Collected data entries:
=====

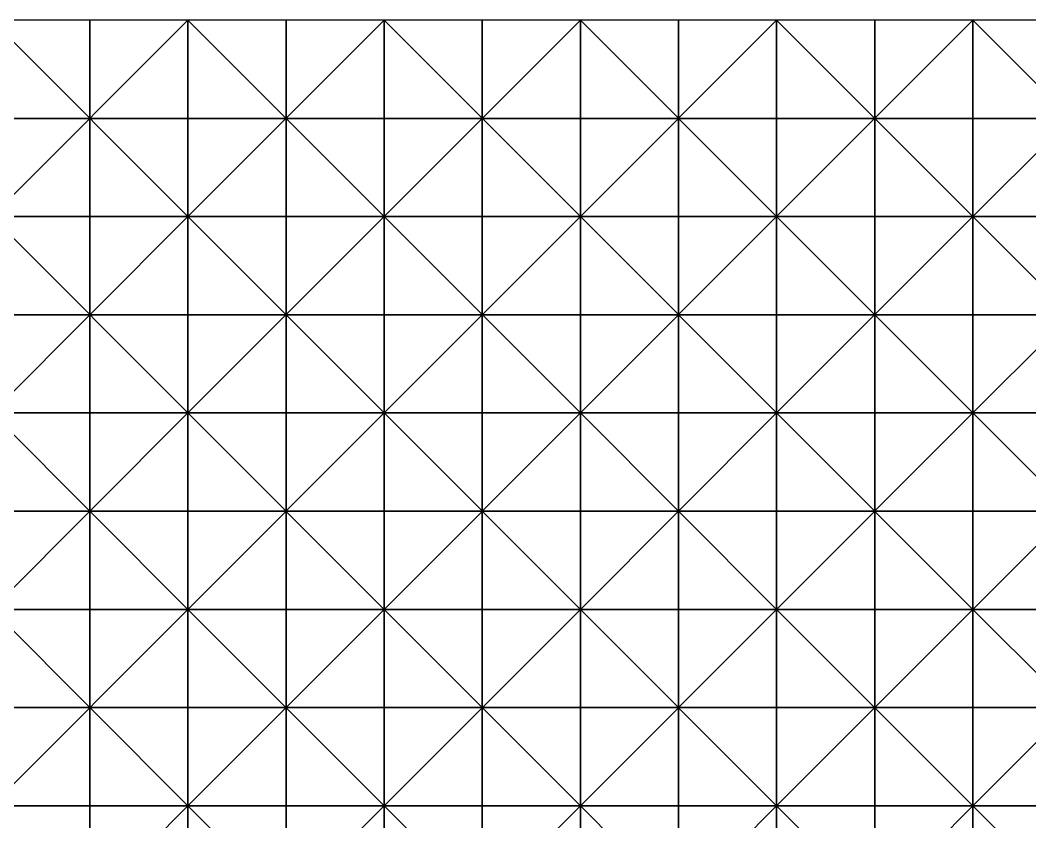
# Model space of a CAD drawing. Header units: millimetres. Extents: x 0 to 945, y 0 to 322.
# Drawn here: x 786 to 837.4, y 280.8 to 321.7 of the extents above; entities that cross this region are included whole.
import ezdxf

# ---------------------------------------------------------------- set-up
doc = ezdxf.new("R2010")
doc.units = ezdxf.units.MM

msp = doc.modelspace()

# ---------------------------------------------------------------- linework, layer by layer
for p, q in [((789.545, 321.656), (784.545, 321.656)), ((784.545, 321.656), (794.545, 311.656)), ((794.545, 321.656), (784.545, 311.656)), ((789.545, 321.656), (784.545, 321.656)), ((784.545, 321.656), (794.545, 311.656)), ((794.545, 321.656), (784.545, 311.656)), ((794.545, 321.656), (789.545, 321.656)), ((789.545, 321.656), (789.545, 316.656)), ((789.545, 316.656), (789.545, 321.656)), ((794.545, 321.656), (789.545, 321.656)), ((789.545, 321.656), (789.545, 316.656)), ((789.545, 316.656), (789.545, 321.656)), ((794.545, 316.656), (794.545, 321.656)), ((794.545, 316.656), (794.545, 321.656)), ((799.545, 321.656), (794.545, 321.656)), ((794.545, 321.656), (794.545, 316.656)), ((794.545, 321.656), (804.545, 311.656)), ((804.545, 321.656), (794.545, 311.656)), ((799.545, 321.656), (794.545, 321.656)), ((794.545, 321.656), (794.545, 316.656)), ((794.545, 321.656), (804.545, 311.656)), ((804.545, 321.656), (794.545, 311.656)), ((804.545, 321.656), (799.545, 321.656)), ((799.545, 321.656), (799.545, 316.656)), ((799.545, 316.656), (799.545, 321.656)), ((804.545, 321.656), (799.545, 321.656)), ((799.545, 321.656), (799.545, 316.656)), ((799.545, 316.656), (799.545, 321.656)), ((804.545, 316.656), (804.545, 321.656)), ((804.545, 316.656), (804.545, 321.656)), ((809.545, 321.656), (804.545, 321.656)), ((804.545, 321.656), (804.545, 316.656)), ((804.545, 321.656), (814.545, 311.656)), ((814.545, 321.656), (804.545, 311.656)), ((809.545, 321.656), (804.545, 321.656)), ((804.545, 321.656), (804.545, 316.656)), ((804.545, 321.656), (814.545, 311.656)), ((814.545, 321.656), (804.545, 311.656)), ((814.545, 321.656), (809.545, 321.656)), ((809.545, 321.656), (809.545, 316.656)), ((809.545, 316.656), (809.545, 321.656)), ((814.545, 321.656), (809.545, 321.656)), ((809.545, 321.656), (809.545, 316.656)), ((809.545, 316.656), (809.545, 321.656)), ((814.545, 316.656), (814.545, 321.656)), ((814.545, 316.656), (814.545, 321.656)), ((819.545, 321.656), (814.545, 321.656)), ((814.545, 321.656), (814.545, 316.656)), ((814.545, 321.656), (824.545, 311.656)), ((824.545, 321.656), (814.545, 311.656)), ((819.545, 321.656), (814.545, 321.656)), ((814.545, 321.656), (814.545, 316.656)), ((814.545, 321.656), (824.545, 311.656)), ((824.545, 321.656), (814.545, 311.656)), ((824.545, 321.656), (819.545, 321.656)), ((819.545, 321.656), (819.545, 316.656)), ((819.545, 316.656), (819.545, 321.656)), ((824.545, 321.656), (819.545, 321.656)), ((819.545, 321.656), (819.545, 316.656)), ((819.545, 316.656), (819.545, 321.656)), ((824.545, 316.656), (824.545, 321.656)), ((824.545, 316.656), (824.545, 321.656)), ((829.545, 321.656), (824.545, 321.656)), ((824.545, 321.656), (824.545, 316.656)), ((824.545, 321.656), (834.545, 311.656)), ((834.545, 321.656), (824.545, 311.656)), ((829.545, 321.656), (824.545, 321.656)), ((824.545, 321.656), (824.545, 316.656)), ((824.545, 321.656), (834.545, 311.656)), ((834.545, 321.656), (824.545, 311.656)), ((834.545, 321.656), (829.545, 321.656)), ((829.545, 321.656), (829.545, 316.656)), ((829.545, 316.656), (829.545, 321.656)), ((834.545, 321.656), (829.545, 321.656)), ((829.545, 321.656), (829.545, 316.656)), ((829.545, 316.656), (829.545, 321.656)), ((834.545, 316.656), (834.545, 321.656)), ((834.545, 316.656), (834.545, 321.656)), ((839.545, 321.656), (834.545, 321.656)), ((834.545, 321.656), (834.545, 316.656)), ((834.545, 321.656), (844.545, 311.656)), ((844.545, 321.656), (834.545, 311.656)), ((839.545, 321.656), (834.545, 321.656)), ((834.545, 321.656), (834.545, 316.656)), ((834.545, 321.656), (844.545, 311.656)), ((844.545, 321.656), (834.545, 311.656)), ((789.545, 316.656), (784.545, 316.656)), ((784.545, 316.656), (789.545, 316.656)), ((789.545, 316.656), (784.545, 316.656)), ((784.545, 316.656), (789.545, 316.656)), ((794.545, 316.656), (789.545, 316.656)), ((789.545, 316.656), (789.545, 311.656)), ((789.545, 316.656), (794.545, 316.656)), ((789.545, 311.656), (789.545, 316.656)), ((794.545, 316.656), (789.545, 316.656)), ((789.545, 316.656), (789.545, 311.656)), ((789.545, 316.656), (794.545, 316.656)), ((789.545, 311.656), (789.545, 316.656)), ((794.545, 311.656), (794.545, 316.656)), ((794.545, 311.656), (794.545, 316.656)), ((799.545, 316.656), (794.545, 316.656)), ((794.545, 316.656), (794.545, 311.656)), ((794.545, 316.656), (799.545, 316.656)), ((799.545, 316.656), (794.545, 316.656)), ((794.545, 316.656), (794.545, 311.656)), ((794.545, 316.656), (799.545, 316.656)), ((804.545, 316.656), (799.545, 316.656)), ((799.545, 316.656), (799.545, 311.656)), ((799.545, 316.656), (804.545, 316.656)), ((799.545, 311.656), (799.545, 316.656)), ((804.545, 316.656), (799.545, 316.656)), ((799.545, 316.656), (799.545, 311.656)), ((799.545, 316.656), (804.545, 316.656)), ((799.545, 311.656), (799.545, 316.656)), ((804.545, 311.656), (804.545, 316.656)), ((804.545, 311.656), (804.545, 316.656)), ((809.545, 316.656), (804.545, 316.656)), ((804.545, 316.656), (804.545, 311.656)), ((804.545, 316.656), (809.545, 316.656)), ((809.545, 316.656), (804.545, 316.656)), ((804.545, 316.656), (804.545, 311.656)), ((804.545, 316.656), (809.545, 316.656)), ((814.545, 316.656), (809.545, 316.656)), ((809.545, 316.656), (809.545, 311.656)), ((809.545, 316.656), (814.545, 316.656)), ((809.545, 311.656), (809.545, 316.656)), ((814.545, 316.656), (809.545, 316.656)), ((809.545, 316.656), (809.545, 311.656)), ((809.545, 316.656), (814.545, 316.656)), ((809.545, 311.656), (809.545, 316.656)), ((814.545, 311.656), (814.545, 316.656)), ((814.545, 311.656), (814.545, 316.656)), ((819.545, 316.656), (814.545, 316.656)), ((814.545, 316.656), (814.545, 311.656)), ((814.545, 316.656), (819.545, 316.656)), ((819.545, 316.656), (814.545, 316.656)), ((814.545, 316.656), (814.545, 311.656)), ((814.545, 316.656), (819.545, 316.656)), ((824.545, 316.656), (819.545, 316.656)), ((819.545, 316.656), (819.545, 311.656)), ((819.545, 316.656), (824.545, 316.656)), ((819.545, 311.656), (819.545, 316.656)), ((824.545, 316.656), (819.545, 316.656)), ((819.545, 316.656), (819.545, 311.656)), ((819.545, 316.656), (824.545, 316.656)), ((819.545, 311.656), (819.545, 316.656)), ((824.545, 311.656), (824.545, 316.656)), ((824.545, 311.656), (824.545, 316.656)), ((829.545, 316.656), (824.545, 316.656)), ((824.545, 316.656), (824.545, 311.656)), ((824.545, 316.656), (829.545, 316.656)), ((829.545, 316.656), (824.545, 316.656)), ((824.545, 316.656), (824.545, 311.656)), ((824.545, 316.656), (829.545, 316.656)), ((834.545, 316.656), (829.545, 316.656)), ((829.545, 316.656), (829.545, 311.656)), ((829.545, 316.656), (834.545, 316.656)), ((829.545, 311.656), (829.545, 316.656)), ((834.545, 316.656), (829.545, 316.656)), ((829.545, 316.656), (829.545, 311.656)), ((829.545, 316.656), (834.545, 316.656)), ((829.545, 311.656), (829.545, 316.656)), ((834.545, 311.656), (834.545, 316.656)), ((834.545, 311.656), (834.545, 316.656)), ((839.545, 316.656), (834.545, 316.656)), ((834.545, 316.656), (834.545, 311.656)), ((834.545, 316.656), (839.545, 316.656)), ((839.545, 316.656), (834.545, 316.656)), ((834.545, 316.656), (834.545, 311.656)), ((834.545, 316.656), (839.545, 316.656)), ((789.545, 311.656), (784.545, 311.656)), ((784.545, 311.656), (794.545, 301.656)), ((794.545, 311.656), (784.545, 301.656)), ((784.545, 311.656), (789.545, 311.656)), ((789.545, 311.656), (784.545, 311.656)), ((784.545, 311.656), (794.545, 301.656)), ((794.545, 311.656), (784.545, 301.656)), ((784.545, 311.656), (789.545, 311.656)), ((794.545, 311.656), (789.545, 311.656)), ((789.545, 311.656), (789.545, 306.656)), ((789.545, 306.656), (789.545, 311.656)), ((789.545, 311.656), (794.545, 311.656)), ((794.545, 311.656), (789.545, 311.656)), ((789.545, 311.656), (789.545, 306.656)), ((789.545, 306.656), (789.545, 311.656)), ((789.545, 311.656), (794.545, 311.656)), ((794.545, 306.656), (794.545, 311.656)), ((794.545, 306.656), (794.545, 311.656)), ((799.545, 311.656), (794.545, 311.656)), ((794.545, 311.656), (794.545, 306.656)), ((794.545, 311.656), (804.545, 301.656)), ((804.545, 311.656), (794.545, 301.656)), ((794.545, 311.656), (799.545, 311.656)), ((799.545, 311.656), (794.545, 311.656)), ((794.545, 311.656), (794.545, 306.656)), ((794.545, 311.656), (804.545, 301.656)), ((804.545, 311.656), (794.545, 301.656)), ((794.545, 311.656), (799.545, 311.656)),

=====

• Task to carry out: No pictures should appear in the copy, which holds exactly the lines from the first line of the data through the line with "layer by layer" and nothing else.

• Written answer:
# Model space of a CAD drawing. Header units: millimetres. Extents: x 0 to 945, y 0 to 322.
# Drawn here: x 786 to 837.4, y 280.8 to 321.7 of the extents above; entities that cross this region are included whole.
import ezdxf

# ---------------------------------------------------------------- set-up
doc = ezdxf.new("R2010")
doc.units = ezdxf.units.MM

msp = doc.modelspace()

# ---------------------------------------------------------------- linework, layer by layer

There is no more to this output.